To reduce access latency, content distribution networks use geographically distributed server surrogates, which cache content from the origin servers, and request redirectors, which send client requests to the surrogates. Commercial CDNs [2,23] replicate pages from content providers and direct clients to the surrogates via custom DNS servers often coupled with URL rewriting by the content providers. The infrastructure for these systems is usually reverse-mode proxy caches with custom logic that interprets rewritten URLs. This approach is transparent to the end user, since content providers make the necessary changes to utilize the reverse proxies.

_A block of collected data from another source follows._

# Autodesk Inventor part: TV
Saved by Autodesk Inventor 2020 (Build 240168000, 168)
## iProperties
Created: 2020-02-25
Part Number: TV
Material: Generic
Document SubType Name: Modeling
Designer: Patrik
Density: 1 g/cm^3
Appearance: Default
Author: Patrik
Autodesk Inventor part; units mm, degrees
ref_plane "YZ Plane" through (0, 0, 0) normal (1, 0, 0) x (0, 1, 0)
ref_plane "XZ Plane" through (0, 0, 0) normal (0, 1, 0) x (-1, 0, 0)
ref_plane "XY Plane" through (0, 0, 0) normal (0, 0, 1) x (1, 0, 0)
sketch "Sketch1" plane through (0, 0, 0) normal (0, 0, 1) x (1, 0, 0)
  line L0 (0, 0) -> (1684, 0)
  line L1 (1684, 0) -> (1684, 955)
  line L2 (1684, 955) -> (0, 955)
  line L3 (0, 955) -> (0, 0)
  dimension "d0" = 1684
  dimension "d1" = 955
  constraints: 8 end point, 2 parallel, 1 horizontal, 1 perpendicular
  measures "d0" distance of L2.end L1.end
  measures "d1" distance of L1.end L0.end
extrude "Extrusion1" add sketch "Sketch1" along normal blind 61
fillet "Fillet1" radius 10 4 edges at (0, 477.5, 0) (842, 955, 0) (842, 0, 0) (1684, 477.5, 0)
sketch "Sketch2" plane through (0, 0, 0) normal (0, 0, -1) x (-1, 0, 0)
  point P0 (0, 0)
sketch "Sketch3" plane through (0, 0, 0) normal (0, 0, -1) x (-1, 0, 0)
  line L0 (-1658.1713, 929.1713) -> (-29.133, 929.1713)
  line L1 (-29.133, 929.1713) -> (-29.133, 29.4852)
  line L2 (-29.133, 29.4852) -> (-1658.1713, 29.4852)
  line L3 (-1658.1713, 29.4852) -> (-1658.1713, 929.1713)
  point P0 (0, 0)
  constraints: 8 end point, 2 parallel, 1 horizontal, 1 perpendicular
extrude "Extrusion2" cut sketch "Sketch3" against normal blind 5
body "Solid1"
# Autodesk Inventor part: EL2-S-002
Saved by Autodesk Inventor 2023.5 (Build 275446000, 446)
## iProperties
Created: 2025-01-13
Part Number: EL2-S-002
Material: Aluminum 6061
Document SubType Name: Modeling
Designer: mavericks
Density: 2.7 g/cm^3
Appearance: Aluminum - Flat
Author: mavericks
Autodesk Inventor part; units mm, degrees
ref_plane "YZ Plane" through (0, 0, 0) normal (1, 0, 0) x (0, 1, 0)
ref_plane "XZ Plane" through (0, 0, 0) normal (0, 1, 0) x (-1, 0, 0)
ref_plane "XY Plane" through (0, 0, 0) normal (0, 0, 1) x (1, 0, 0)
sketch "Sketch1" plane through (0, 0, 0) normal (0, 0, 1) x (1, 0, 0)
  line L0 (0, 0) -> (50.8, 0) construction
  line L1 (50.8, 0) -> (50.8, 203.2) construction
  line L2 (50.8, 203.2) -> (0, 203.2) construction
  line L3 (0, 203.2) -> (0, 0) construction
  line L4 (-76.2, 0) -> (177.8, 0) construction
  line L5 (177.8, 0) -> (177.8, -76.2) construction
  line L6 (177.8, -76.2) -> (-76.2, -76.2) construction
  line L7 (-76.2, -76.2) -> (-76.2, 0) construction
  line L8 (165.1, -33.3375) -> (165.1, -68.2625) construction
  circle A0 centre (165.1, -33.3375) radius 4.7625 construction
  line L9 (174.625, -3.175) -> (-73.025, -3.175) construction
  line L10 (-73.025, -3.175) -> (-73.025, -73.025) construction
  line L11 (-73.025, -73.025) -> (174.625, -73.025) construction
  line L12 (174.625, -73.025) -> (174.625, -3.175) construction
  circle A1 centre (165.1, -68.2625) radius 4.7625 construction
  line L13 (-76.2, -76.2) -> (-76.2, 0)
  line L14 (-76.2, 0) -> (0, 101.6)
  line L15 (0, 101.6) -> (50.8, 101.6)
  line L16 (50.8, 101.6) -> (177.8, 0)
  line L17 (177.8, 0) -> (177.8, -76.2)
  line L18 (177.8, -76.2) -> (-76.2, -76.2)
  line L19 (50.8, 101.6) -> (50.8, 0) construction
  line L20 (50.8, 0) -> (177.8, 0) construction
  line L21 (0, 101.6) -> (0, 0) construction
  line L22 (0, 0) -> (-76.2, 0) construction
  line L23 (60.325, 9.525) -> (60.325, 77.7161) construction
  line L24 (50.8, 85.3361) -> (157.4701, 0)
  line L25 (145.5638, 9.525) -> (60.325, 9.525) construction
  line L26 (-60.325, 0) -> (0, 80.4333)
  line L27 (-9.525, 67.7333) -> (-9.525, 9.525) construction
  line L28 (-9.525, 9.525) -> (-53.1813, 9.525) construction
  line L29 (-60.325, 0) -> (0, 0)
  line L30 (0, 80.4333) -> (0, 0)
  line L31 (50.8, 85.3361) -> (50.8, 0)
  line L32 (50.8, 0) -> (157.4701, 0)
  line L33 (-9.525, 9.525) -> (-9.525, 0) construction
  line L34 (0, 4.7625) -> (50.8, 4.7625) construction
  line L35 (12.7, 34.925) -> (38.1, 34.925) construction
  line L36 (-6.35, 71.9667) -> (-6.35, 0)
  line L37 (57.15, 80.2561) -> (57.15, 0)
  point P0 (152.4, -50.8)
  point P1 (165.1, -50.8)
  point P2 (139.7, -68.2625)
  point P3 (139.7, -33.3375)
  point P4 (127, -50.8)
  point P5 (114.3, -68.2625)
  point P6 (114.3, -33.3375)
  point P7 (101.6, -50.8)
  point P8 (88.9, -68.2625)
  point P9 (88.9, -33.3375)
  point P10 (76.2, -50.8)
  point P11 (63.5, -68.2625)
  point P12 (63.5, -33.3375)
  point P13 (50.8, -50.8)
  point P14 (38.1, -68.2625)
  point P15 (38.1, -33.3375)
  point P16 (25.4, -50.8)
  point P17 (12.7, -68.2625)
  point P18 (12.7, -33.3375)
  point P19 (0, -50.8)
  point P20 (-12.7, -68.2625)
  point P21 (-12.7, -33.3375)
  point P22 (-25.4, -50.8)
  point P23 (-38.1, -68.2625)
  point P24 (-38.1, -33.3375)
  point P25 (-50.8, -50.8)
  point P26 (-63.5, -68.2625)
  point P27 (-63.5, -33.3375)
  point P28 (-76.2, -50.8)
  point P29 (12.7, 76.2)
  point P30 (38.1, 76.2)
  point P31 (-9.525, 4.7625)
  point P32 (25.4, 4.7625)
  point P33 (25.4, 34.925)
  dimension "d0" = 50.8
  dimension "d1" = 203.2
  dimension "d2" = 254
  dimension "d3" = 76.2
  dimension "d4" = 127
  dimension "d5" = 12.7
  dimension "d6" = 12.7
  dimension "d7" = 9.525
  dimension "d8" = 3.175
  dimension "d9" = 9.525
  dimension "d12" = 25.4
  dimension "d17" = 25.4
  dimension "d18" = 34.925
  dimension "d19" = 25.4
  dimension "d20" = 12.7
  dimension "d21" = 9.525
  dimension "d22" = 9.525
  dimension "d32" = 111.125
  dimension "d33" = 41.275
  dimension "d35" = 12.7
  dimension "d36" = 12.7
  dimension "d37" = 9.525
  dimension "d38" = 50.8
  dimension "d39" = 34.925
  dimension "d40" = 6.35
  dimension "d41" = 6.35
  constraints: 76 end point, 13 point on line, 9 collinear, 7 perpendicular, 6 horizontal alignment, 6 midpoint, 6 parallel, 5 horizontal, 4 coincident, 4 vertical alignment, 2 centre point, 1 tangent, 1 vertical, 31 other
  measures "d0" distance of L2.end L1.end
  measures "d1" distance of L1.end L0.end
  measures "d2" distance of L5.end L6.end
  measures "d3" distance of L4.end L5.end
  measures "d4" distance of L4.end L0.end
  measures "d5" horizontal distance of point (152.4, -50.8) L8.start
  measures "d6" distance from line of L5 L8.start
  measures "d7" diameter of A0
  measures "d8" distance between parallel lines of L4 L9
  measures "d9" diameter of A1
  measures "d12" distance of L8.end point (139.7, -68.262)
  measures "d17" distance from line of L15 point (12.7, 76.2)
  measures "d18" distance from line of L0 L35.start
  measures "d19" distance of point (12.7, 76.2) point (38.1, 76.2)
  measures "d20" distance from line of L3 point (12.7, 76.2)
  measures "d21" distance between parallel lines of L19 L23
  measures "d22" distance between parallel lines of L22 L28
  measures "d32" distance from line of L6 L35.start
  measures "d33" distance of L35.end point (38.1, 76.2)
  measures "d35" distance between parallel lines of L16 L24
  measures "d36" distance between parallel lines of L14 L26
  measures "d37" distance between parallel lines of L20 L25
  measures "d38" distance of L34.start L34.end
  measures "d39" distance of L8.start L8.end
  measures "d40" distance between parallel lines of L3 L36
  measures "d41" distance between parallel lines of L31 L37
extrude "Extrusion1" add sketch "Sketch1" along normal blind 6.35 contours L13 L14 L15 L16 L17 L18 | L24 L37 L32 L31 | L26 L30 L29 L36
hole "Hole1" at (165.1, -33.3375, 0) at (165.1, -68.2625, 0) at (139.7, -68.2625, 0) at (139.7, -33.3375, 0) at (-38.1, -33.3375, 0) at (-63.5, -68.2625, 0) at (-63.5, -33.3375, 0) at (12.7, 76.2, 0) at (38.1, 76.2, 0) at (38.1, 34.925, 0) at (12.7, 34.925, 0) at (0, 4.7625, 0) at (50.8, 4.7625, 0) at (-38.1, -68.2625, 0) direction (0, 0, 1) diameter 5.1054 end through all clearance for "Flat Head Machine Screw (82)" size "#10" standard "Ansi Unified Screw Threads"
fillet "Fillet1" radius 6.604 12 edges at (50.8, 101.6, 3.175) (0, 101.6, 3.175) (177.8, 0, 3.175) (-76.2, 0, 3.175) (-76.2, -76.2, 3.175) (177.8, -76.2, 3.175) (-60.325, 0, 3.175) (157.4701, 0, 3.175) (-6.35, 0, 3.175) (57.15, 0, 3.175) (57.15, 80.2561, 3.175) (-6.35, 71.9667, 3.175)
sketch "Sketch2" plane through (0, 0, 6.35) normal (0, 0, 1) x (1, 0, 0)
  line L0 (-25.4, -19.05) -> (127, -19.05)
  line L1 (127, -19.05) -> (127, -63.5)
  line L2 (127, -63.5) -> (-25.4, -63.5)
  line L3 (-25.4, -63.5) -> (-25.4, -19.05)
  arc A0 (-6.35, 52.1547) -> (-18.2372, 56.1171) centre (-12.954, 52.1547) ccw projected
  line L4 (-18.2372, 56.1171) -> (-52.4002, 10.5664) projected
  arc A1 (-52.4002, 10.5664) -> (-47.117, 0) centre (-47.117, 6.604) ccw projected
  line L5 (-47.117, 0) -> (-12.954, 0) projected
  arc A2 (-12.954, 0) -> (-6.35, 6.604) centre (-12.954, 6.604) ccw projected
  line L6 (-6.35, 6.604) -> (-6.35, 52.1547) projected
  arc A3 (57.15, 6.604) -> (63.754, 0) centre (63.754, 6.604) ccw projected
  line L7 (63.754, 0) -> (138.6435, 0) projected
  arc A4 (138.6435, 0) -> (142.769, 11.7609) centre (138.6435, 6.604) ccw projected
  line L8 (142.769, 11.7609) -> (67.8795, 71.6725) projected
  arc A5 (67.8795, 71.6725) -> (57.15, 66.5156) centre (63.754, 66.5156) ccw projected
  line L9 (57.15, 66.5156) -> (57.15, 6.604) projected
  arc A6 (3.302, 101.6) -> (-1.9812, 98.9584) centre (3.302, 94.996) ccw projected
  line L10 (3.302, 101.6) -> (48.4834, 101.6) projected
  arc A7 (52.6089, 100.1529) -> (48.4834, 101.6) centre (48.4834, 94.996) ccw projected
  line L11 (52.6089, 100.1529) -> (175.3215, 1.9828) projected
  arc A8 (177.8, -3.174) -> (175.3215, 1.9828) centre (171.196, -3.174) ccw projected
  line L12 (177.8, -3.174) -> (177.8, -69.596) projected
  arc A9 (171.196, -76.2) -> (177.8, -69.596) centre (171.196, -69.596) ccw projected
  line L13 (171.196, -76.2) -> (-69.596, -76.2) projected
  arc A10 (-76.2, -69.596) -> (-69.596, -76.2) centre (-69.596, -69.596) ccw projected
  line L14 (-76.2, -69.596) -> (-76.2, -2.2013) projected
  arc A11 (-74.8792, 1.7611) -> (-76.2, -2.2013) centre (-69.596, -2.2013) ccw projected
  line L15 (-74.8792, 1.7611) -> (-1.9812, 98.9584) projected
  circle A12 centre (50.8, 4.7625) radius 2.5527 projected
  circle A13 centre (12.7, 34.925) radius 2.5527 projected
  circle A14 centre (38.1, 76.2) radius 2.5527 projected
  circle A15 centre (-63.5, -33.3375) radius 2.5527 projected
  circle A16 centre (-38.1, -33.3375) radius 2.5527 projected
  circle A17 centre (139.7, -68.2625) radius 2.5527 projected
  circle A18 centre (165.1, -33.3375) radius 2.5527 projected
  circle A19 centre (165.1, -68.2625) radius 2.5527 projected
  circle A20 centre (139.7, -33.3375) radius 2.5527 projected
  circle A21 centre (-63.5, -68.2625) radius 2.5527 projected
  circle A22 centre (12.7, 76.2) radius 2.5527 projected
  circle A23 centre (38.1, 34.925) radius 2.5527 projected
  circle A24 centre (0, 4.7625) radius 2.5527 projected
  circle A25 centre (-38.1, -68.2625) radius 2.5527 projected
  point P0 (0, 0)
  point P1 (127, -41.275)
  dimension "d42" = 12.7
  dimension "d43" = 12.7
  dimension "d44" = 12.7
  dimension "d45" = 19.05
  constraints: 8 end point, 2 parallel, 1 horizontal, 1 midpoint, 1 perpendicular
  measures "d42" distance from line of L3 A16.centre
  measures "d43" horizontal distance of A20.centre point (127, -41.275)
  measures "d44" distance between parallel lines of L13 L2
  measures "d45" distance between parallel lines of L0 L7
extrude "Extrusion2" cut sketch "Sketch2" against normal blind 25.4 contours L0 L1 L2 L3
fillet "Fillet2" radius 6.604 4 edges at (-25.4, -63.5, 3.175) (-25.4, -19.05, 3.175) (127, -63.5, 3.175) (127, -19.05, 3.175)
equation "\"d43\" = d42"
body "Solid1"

Our academic testbed CDN, CoDeeN, also uses caching proxy servers, but due to its non-commercial nature, engages clients instead of content providers. Clients must currently specify a CoDeeN proxy in their browser settings, which makes the system demand-driven, and allows us to capture more information on client access behavior. Given the high degree of infrastructural overlap, our future work may include support for non-commercial content providers, or even allowing PlanetLab members to automatically send their HTTP traffic to CoDeeN by using transparent proxying.
As shown in Figure 1, a CoDeeN instance consists of a proxy operating in both forward and reverse modes, as well as the redirection logic and monitoring infrastructure. When a client sends requests to a CoDeeN proxy, the node acts as a forward proxy and tries to satisfy the requests locally. Cache misses are handled by the redirector to determine where the request should be sent, which is generally another CoDeeN node acting as the reverse proxy for the origin server. For most requests, the redirector considers request locality, system load, reliability, and proximity when selecting another CoDeeN node. The reliability and security mechanisms can exclude nodes from being candidates, and can also reject requests entirely for various reasons described later.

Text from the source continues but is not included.